It was not just official agents of the
Canadian government who were active in Belgium. There were a number of
personal initiatives to develop some areas to be settled, on the
southern border of Manitoba and Saskatchewan. Two initiatives in
particular hold our attention. Around 1888, an arrival of Belgians
settled on the southern border of Manitoba and Saskatchewan. Their
parish priest, Father Jean Gaire, is Alsatian. These twenty-eight
families have created their new parish “Grande Clairière”.
Subsequently, other Belgian settlers have created Deleau (named after a
Belgian settler) and others have reinforced another nearby colony, on
the Souris River.
Sébastien Deleau recruited the future inhabitants of this region among
his friends and neighbors in his native province of Belgian Luxembourg.
He was therefore a so-called “repatriate – recruiter”, whose trip was
paid by the Canadian government. Many families from Gembes and
Haut-Fays left for Canada (after 1887) to settle in Manitoba at Deleau
and Grande Clairière.
…….
Of course, their decision to emigrate to Canada was not made on a whim.
They were not driven by an emergency such as war or religious
persecution. Throughout their youth, they saw men and families leave
their village and surrounding areas for the United States and Canada.
These departures were to be the subject of many conversations in these
village communities and the exchanges of letters were to feed them.
They were aware of the existence of this small Francophone community in
southern Manitoba and Saskatchewan. I keep a letter that a friend of my
grandfather had written to him from Bellegarde in 1912.
The list of passengers disembarking at Saint John is interesting. It
specifies that Arsène and Elie want to go to Deleau. This list done at
the exit of the boat identifies the immigrants. They get off in groups
and we find Arsène and Elie with other people also going to Deleau.
It is clear that the project had been prepared in Belgium well before
the departure.
…..
Afterwards, we know that Elie is listed in the directory of “Western
Land Grants”. He obtained land in Humboldt (Saskatchewan). We have not
so far had access to the document itself, which should allow us to
precisely date this transfer. What is certain is that the two brothers
do not settle in the same place. Arsène therefore settled in Manitoba.
Oral transmission in Canada said that Arsène and Céline had met “in a
little French community in Manitoba”. That's what happened.
Céline was born in Haut-Fays in 1884; Arsène in Daverdisse in 1873.
Daverdisse and Haut-Fays are two neighboring villages in the Belgian
Ardennes. It is clear that the families knew each other when they were
in Belgium.
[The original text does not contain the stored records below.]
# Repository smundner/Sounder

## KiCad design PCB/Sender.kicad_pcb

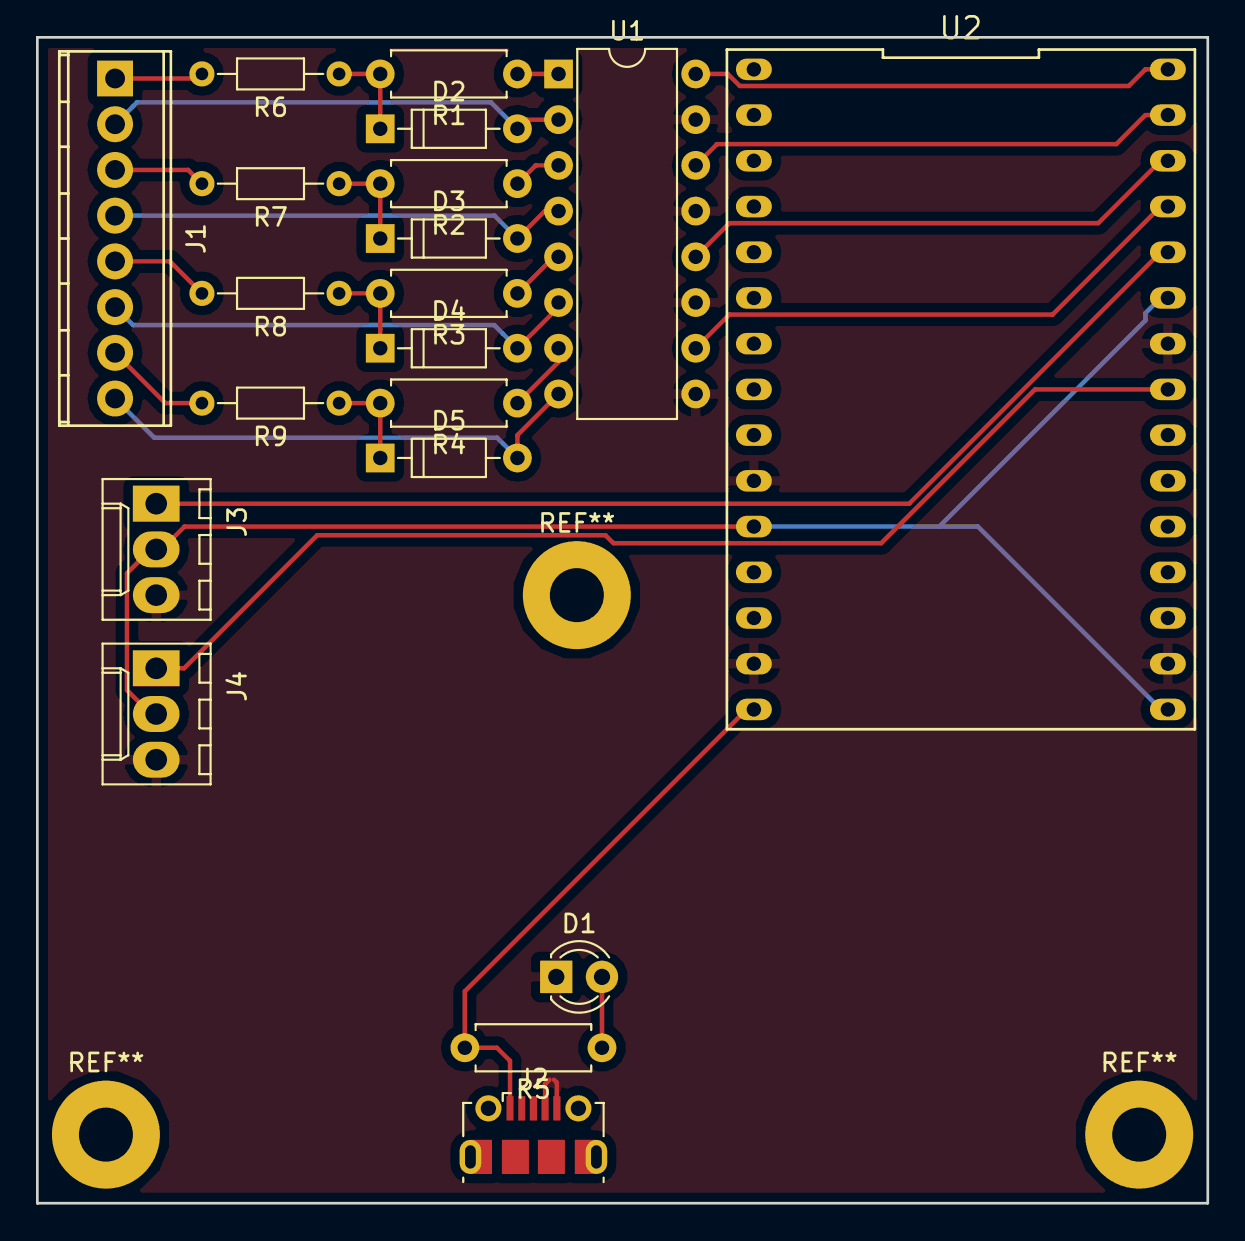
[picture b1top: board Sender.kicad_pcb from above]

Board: 2 copper layers, 65.0 x 64.8 mm, 20 parts (0 on the bottom side), 26 nets.

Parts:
D1: LED; LED_D3.0mm
D2, D3, D4, D5: D_Zener; D_DO-35_SOD27_P7.62mm_Horizontal
J1: Screw_Terminal_01x08; TerminalBlock_Pheonix_MPT-2.54mm_8pol
J2: USB_B; USB_Micro-B_Molex-105017-0001
J3, J4: Conn_01x03_Male; Molex_KK-6410-03_03x2.54mm_Straight
R1, R2, R3, R4, R5: R; R_Axial_DIN0207_L6.3mm_D2.5mm_P7.62mm_Horizontal
R6, R7, R8, R9: R; R_Axial_DIN0204_L3.6mm_D1.6mm_P7.62mm_Horizontal
U1: TLP291-4; DIP-16_W7.62mm
U2: NodeMCU1.0(ESP-12E); DIP-30_1_ELL

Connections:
+3V3: J3.2, J4.2, U2.11, U2.16, U2.25
+5V: J2.1, R5.2, U2.15
/D0: U1.16, U2.30
/D1: U1.14, U2.29
/D2: U1.12, U2.28
/D3: U1.10, U2.27
/D4: J3.1, U2.26
/D5: J4.1, U2.23
GND: D1.1, J2.4, J2.5, J3.3, J4.3, U1.9, U1.11, U1.13, U1.15, U2.10, U2.14, U2.17, U2.24
unnamed: D1.2, R5.1
unnamed: D2.1, R1.2, R6.1
unnamed: D2.2, J1.2, U1.2
unnamed: D3.1, R2.2, R7.1
unnamed: D3.2, J1.4, U1.4
unnamed: D4.1, R3.2, R8.1
unnamed: D4.2, J1.6, U1.6
unnamed: D5.1, R4.2, R9.1
unnamed: D5.2, J1.8, U1.8
unnamed: J1.1, R6.2
unnamed: J1.3, R7.2
unnamed: J1.5, R8.2
unnamed: J1.7, R9.2
unnamed: R1.1, U1.1
unnamed: R2.1, U1.3
unnamed: R3.1, U1.5
unnamed: R4.1, U1.7

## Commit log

2018-07-03 add android app
2018-07-03 auflistung ssid
2018-07-08 create auto login
2018-08-07 Platine upgrade software change
    Platine wurde angepasst mit einer schutzbeschaltung für die eingänge.
    Sende program wurde eine auswertungder eingänge eingefügt
    App wurde weiter entwickelt. es wird jetzt das wlan netz zum senden genutzt
2018-08-22 Gehäuse hinzugefügt
2018-08-23 Test input
2018-08-24 we sicherung
2018-09-05 conver android project

Céline was 21 when she arrived in Canada, but she didn’t
come alone, the whole family emigrated. However, his father, Henri
Joseph, was not very young, he was 54 years old. He was a “stave
maker”, that is to say a carpenter specializing in the wood used to
make barrels. They didn’t leave Haut-Fays and the surrounding area
alone. In addition, they knew people and families who had already
settled in Manitoba around Deleau and Grande Clairière. Perhaps they
had remained in epistolary contact with some?
A certain Jean-Baptiste Delbrouck and his wife Marie Volion left for
Deleau in 1904. Jean-Baptiste picked up his parents in Belgium the
following year. They took the same boat as the Daigmont, as well as the
Naviaux family. This small troop left Antwerp on May 2, 1905 aboard the
Montezuma. They arrived two weeks later, on May 17, in Quebec (see
photo below).
The Daigmont family settled in Deleau, later in Brandon. Arsène is in
Hartney. Hartney and Deleau are 14 km apart. They married on April 7,
1910 in Cameron, a municipality bordering Hartney.
The 1911 census mentions them in Brandon where the Daigmont parents
lived. Arsène was a self-employed “farmer”. Later, they went, like
other families, to help in the development of Bellegarde (Saskatchewan).